Twice in just as many days, we were left scratching our heads as mainstream tools broke unexpectedly and spectacularly on what seemed to be normal tasks.
For example take the SAM file that we now fittingly named
samtools view -b http://data.biostarhandbook.com/strange/cigarbreak.sam > output.bam
thanks it's close, but no cigar,
E::bam_write1] too many CIGAR operations (95243 >= 64K for QNAME "placed") samtools view: writing to standard output failed: Value too large to be stored in data type
Turns out this particular SAM file cannot be turned into a BAM file. Suprised? Rightfully so. Why does the BAM format limit how many operations may be present in the alignment?

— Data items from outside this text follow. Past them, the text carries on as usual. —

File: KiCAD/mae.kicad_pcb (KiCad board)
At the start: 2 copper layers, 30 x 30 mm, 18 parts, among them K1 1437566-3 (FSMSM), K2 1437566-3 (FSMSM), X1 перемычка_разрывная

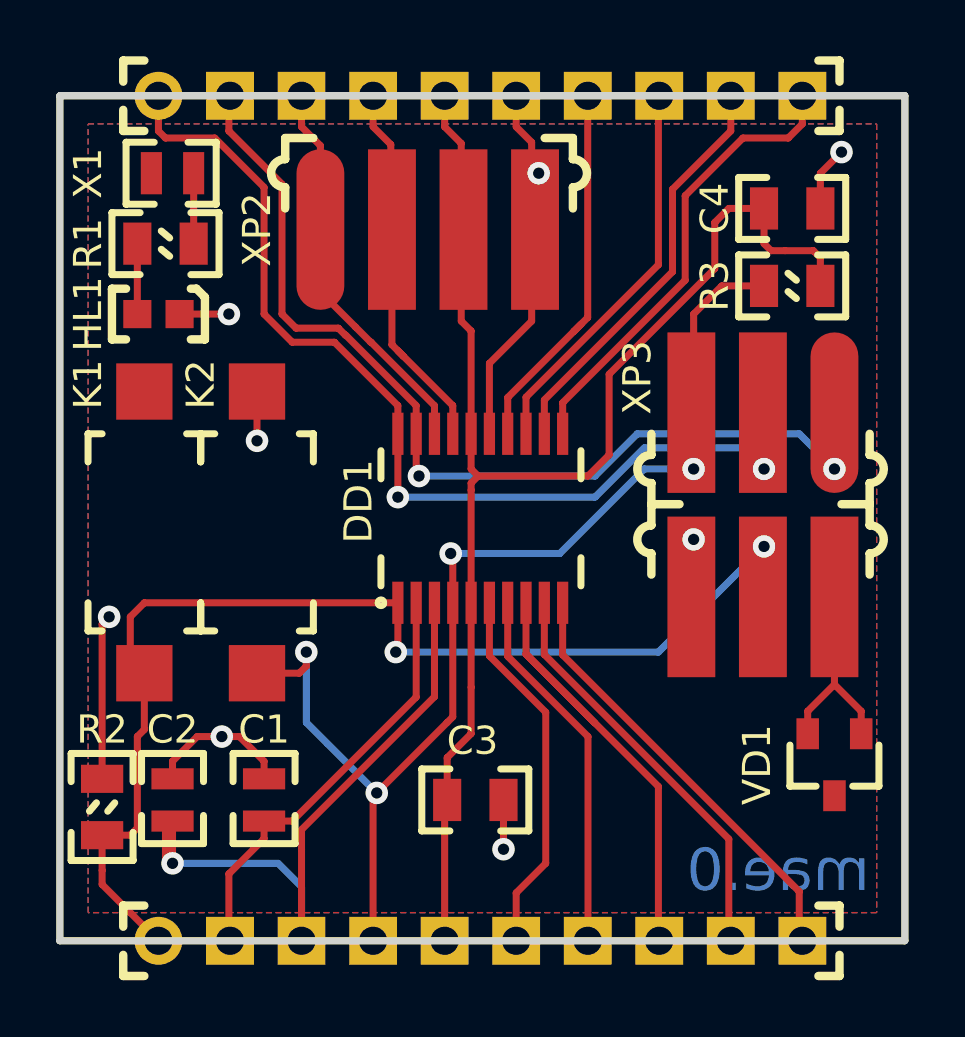
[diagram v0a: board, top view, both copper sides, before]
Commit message: добавлена шелкография сзади, переделана нумерация как ssop20
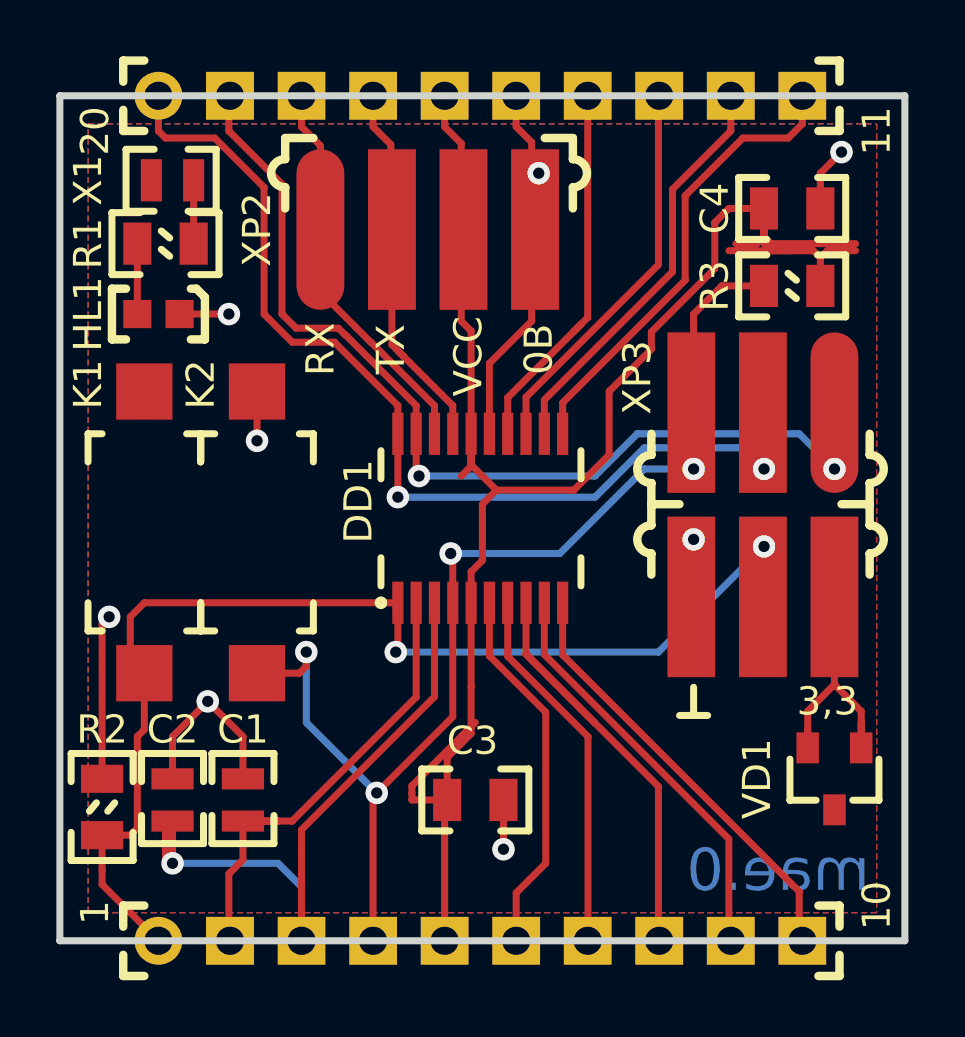
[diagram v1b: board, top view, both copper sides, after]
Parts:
- moved C1 0.75 mm to (99.8, 149.8)
- moved VD1 0.50 mm to (120.8, 148.2)
- moved X1 0.25 mm to (98.0, 127.0)
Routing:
- net /VCC: track 49.7 -> 65.8 mm
- net /VCCprog: track 9.40 -> 10.9 mm
- net /0В: track 28.2 -> 29.5 mm
- net /G4: track 14.9 -> 15.8 mm
- net Net-(R1-Pad1): track 2.50 -> 2.00 mm
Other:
- board text added: "0В"
- board text added: "1"
- board text added: "10"
- board text added: "11"
- board text added: "20"
- board text added: "3,3"
- board text added: "RX"
- board text added: "TX"
- board text added: "VCC"
- board text removed: "-разработка (PCB-design) -документация по ЕСКД -мелкосерийный монтаж -импортозамещение ( если надо :)"
- board text removed: "El.Nikitos@mail.ru +7(995)120-05-23 WhatsApp, Viber"

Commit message: добавлены герберы, на меди добавлены метки ключей
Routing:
- net /0В: track 29.5 -> 39.3 mm
- net (no net): track 0.00 -> 4.41 mm
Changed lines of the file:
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@@
     (thickness 1.6)
     (drawings 16)
-    (tracks 246)
+    (tracks 265)
     (zones 0)
     (modules 18)
@@
     (visible_elements 7FFFFFFF)
     (pcbplotparams
-      (layerselection 0x010fc_ffffffff)
+      (layerselection 0x010c0_ffffffff)
       (usegerberextensions false)
       (usegerberattributes false)
@@
       (outputformat 1)
       (mirror false)
-      (drillshape 1)
+      (drillshape 0)
       (scaleselection 1)
-      (outputdirectory ""))
+      (outputdirectory "GERBER/"))
   )
   (net 0 "")
@@
   (gr_line (start 123.25 124) (end 123.25 154) (layer Edge.Cuts) (width 0.25))
   (gr_line (start 93.25 124) (end 123.25 124) (layer Edge.Cuts) (width 0.25))
+  (segment (start 104.5 143) (end 104 142.5) (width 0.25) (layer F.Cu) (net 0))
+  (segment (start 104 142.5) (end 104 143.5) (width 0.25) (layer F.Cu) (net 0))
+  (segment (start 104 143.5) (end 104.5 143) (width 0.25) (layer F.Cu) (net 0))
+  (segment (start 108 148.75) (end 108 149.25) (width 0.25) (layer F.Cu) (net 0))
+  (segment (start 119.25 127.75) (end 119.25 128.25) (width 0.25) (layer F.Cu) (net 0))
+  (segment (start 97 149) (end 97.5 149) (width 0.25) (layer F.Cu) (net 0))
+  (segment (start 99.5 149) (end 100 149) (width 0.25) (layer F.Cu) (net 0))
   (segment (start 109.45 125.1) (end 110 125.65) (width 0.25) (layer F.Cu) (net 1))
   (segment (start 109.45 124) (end 109.45 125.1) (width 0.25) (layer F.Cu) (net 1))
@@
   (segment (start 99.75 146.75) (end 98.5 145.5) (width 0.25) (layer F.Cu) (net 1))
   (segment (start 99.75 148.25) (end 99.75 146.75) (width 0.25) (layer F.Cu) (net 1))
+  (segment (start 99.25 131.75) (end 99.25 132.75) (width 0.25) (layer F.Cu) (net 1))
+  (segment (start 99.25 132.75) (end 98.75 132.75) (width 0.25) (layer F.Cu) (net 1))
+  (segment (start 99.25 132.75) (end 99.75 132.75) (width 0.25) (layer F.Cu) (net 1))
+  (segment (start 112 127.75) (end 111.5 127.75) (width 0.25) (layer F.Cu) (net 1))
+  (segment (start 112 127.75) (end 112.5 127.75) (width 0.25) (layer F.Cu) (net 1))
+  (segment (start 112 126.75) (end 112 127.75) (width 0.25) (layer F.Cu) (net 1))
+  (segment (start 110.25 126.75) (end 112 126.75) (width 0.25) (layer F.Cu) (net 1))
+  (segment (start 115.75 139.75) (end 113.75 139.75) (width 0.25) (layer F.Cu) (net 1))
+  (segment (start 113.75 139.75) (end 113.75 140.75) (width 0.25) (layer F.Cu) (net 1))
+  (segment (start 113.75 140.75) (end 113.25 140.75) (width 0.25) (layer F.Cu) (net 1))
+  (segment (start 113.75 140.75) (end 114.25 140.75) (width 0.25) (layer F.Cu) (net 1))
   (segment (start 106.91 125.1) (end 107.5 125.69) (width 0.25) (layer F.Cu) (net 2))
   (segment (start 106.91 124) (end 106.91 125.1) (width 0.25) (layer F.Cu) (net 2))
@@
   (segment (start 109.8 134.7) (end 114.5 130) (width 0.25) (layer F.Cu) (net 16))
   (segment (start 114.5 130) (end 114.5 124) (width 0.25) (layer F.Cu) (net 16))
-  (segment (start 109.15 136) (end 109.15 134.71359) (width 0.25) (layer F.Cu) (net 17))
-  (segment (start 111.99 131.87359) (end 111.5 132.36359) (width 0.25) (layer F.Cu) (net 17))
-  (segment (start 111.99 124) (end 111.99 131.87359) (width 0.25) (layer F.Cu) (net 17))
-  (segment (start 111.5 132.36359) (end 111.75 132.11359) (width 0.25) (layer F.Cu) (net 17))
-  (segment (start 109.15 134.71359) (end 111.5 132.36359) (width 0.25) (layer F.Cu) (net 17))
+  (segment (start 111.99 125) (end 112 125) (width 0.25) (layer F.Cu) (net 17))
+  (segment (start 111.99 124) (end 111.99 125) (width 0.25) (layer F.Cu) (net 17))
+  (segment (start 112 125) (end 113 126) (width 0.25) (layer F.Cu) (net 17))
+  (segment (start 113 126) (end 113 130.75) (width 0.25) (layer F.Cu) (net 17))
+  (segment (start 109.15 134.6) (end 113 130.75) (width 0.25) (layer F.Cu) (net 17))
+  (segment (start 109.15 136) (end 109.15 134.6) (width 0.25) (layer F.Cu) (net 17))
   (segment (start 104.37 125.1) (end 105 125.73) (width 0.25) (layer F.Cu) (net 18))
   (segment (start 104.37 124) (end 104.37 125.1) (width 0.25) (layer F.Cu) (net 18))

Summarizing the comments/answers:
- This is limitation is caused by the way the BAM format stores the value internally
16 bits short = 2^16 = 65536 max operations
- The CRAM format does not have this limitation.
Align it like it's still 1999
Here is another unexpected behavior. The hisat2 aligner will, occasionally, refuse to align a read that has an insertion in it.
wget http://data.biostarhandbook.com/strange/reference.fa wget http://data.biostarhandbook.com/strange/query.fa bwa index reference.fa hisat2-build reference.fa reference.fa
The two sequences are identical except the query has an insertion after position 49. Let's do the alignments:
bwa mem reference.fa query.fa | cut -f 1,2,6
among other things it prints:
sequence 0 49M1I134M
This is the correct answer. The query sequence has
1 insertion followed by
134 matches. There are no mismatches by the way. Now let's run the same sequence via hisat2:
hisat2 -f -x reference.fa query.fa | cut -f 1,2,6
the output is:
sequence 4 *
the query sequence is not aligned at all. Make no mistake
hisat2 is supposed to be an indel aware aligner. It fails for this particular sequence. Amusingly we detected this when we used
hisat2 to "check and validate" results produced via
Post your own "stranger things" observations as followup answers.
Turns out the cigar string limitation was already mentioned here: Splitting SAM/BAM alignments
The hisat2 example seems like a bug to me. Did you fill in a bug report?
edit: turns out the hisat2 indel issue has been reported before (Q: HISAT2 (graph index) alignment over InDels), and vivekbhr reported the issue to the authors.
edit 2: which version of hisat2? There is one fresh out of the oven - HISAT2 2.1.0 release 6/8/2017 - which maybe fixes the issue?
Fascinating looks like there is nothing new under the Biostar. Both issues have already been reported
In my observation, in general, insertions and deletions are handled correctly - the failure only occurs in some cases.
I've checked out the latest source of
hisat2, the problem still persists.
Filed an issue here: https://github.com/infphilo/hisat2/issues/129
Figuring out what to put effort into allocating memory for can be a hard problem, at the start, especially for tools written when memory and disk resources were considerably more constrained. Programming is hard work! Especially when feature creep sets in and people expect more from a format than it initially allows.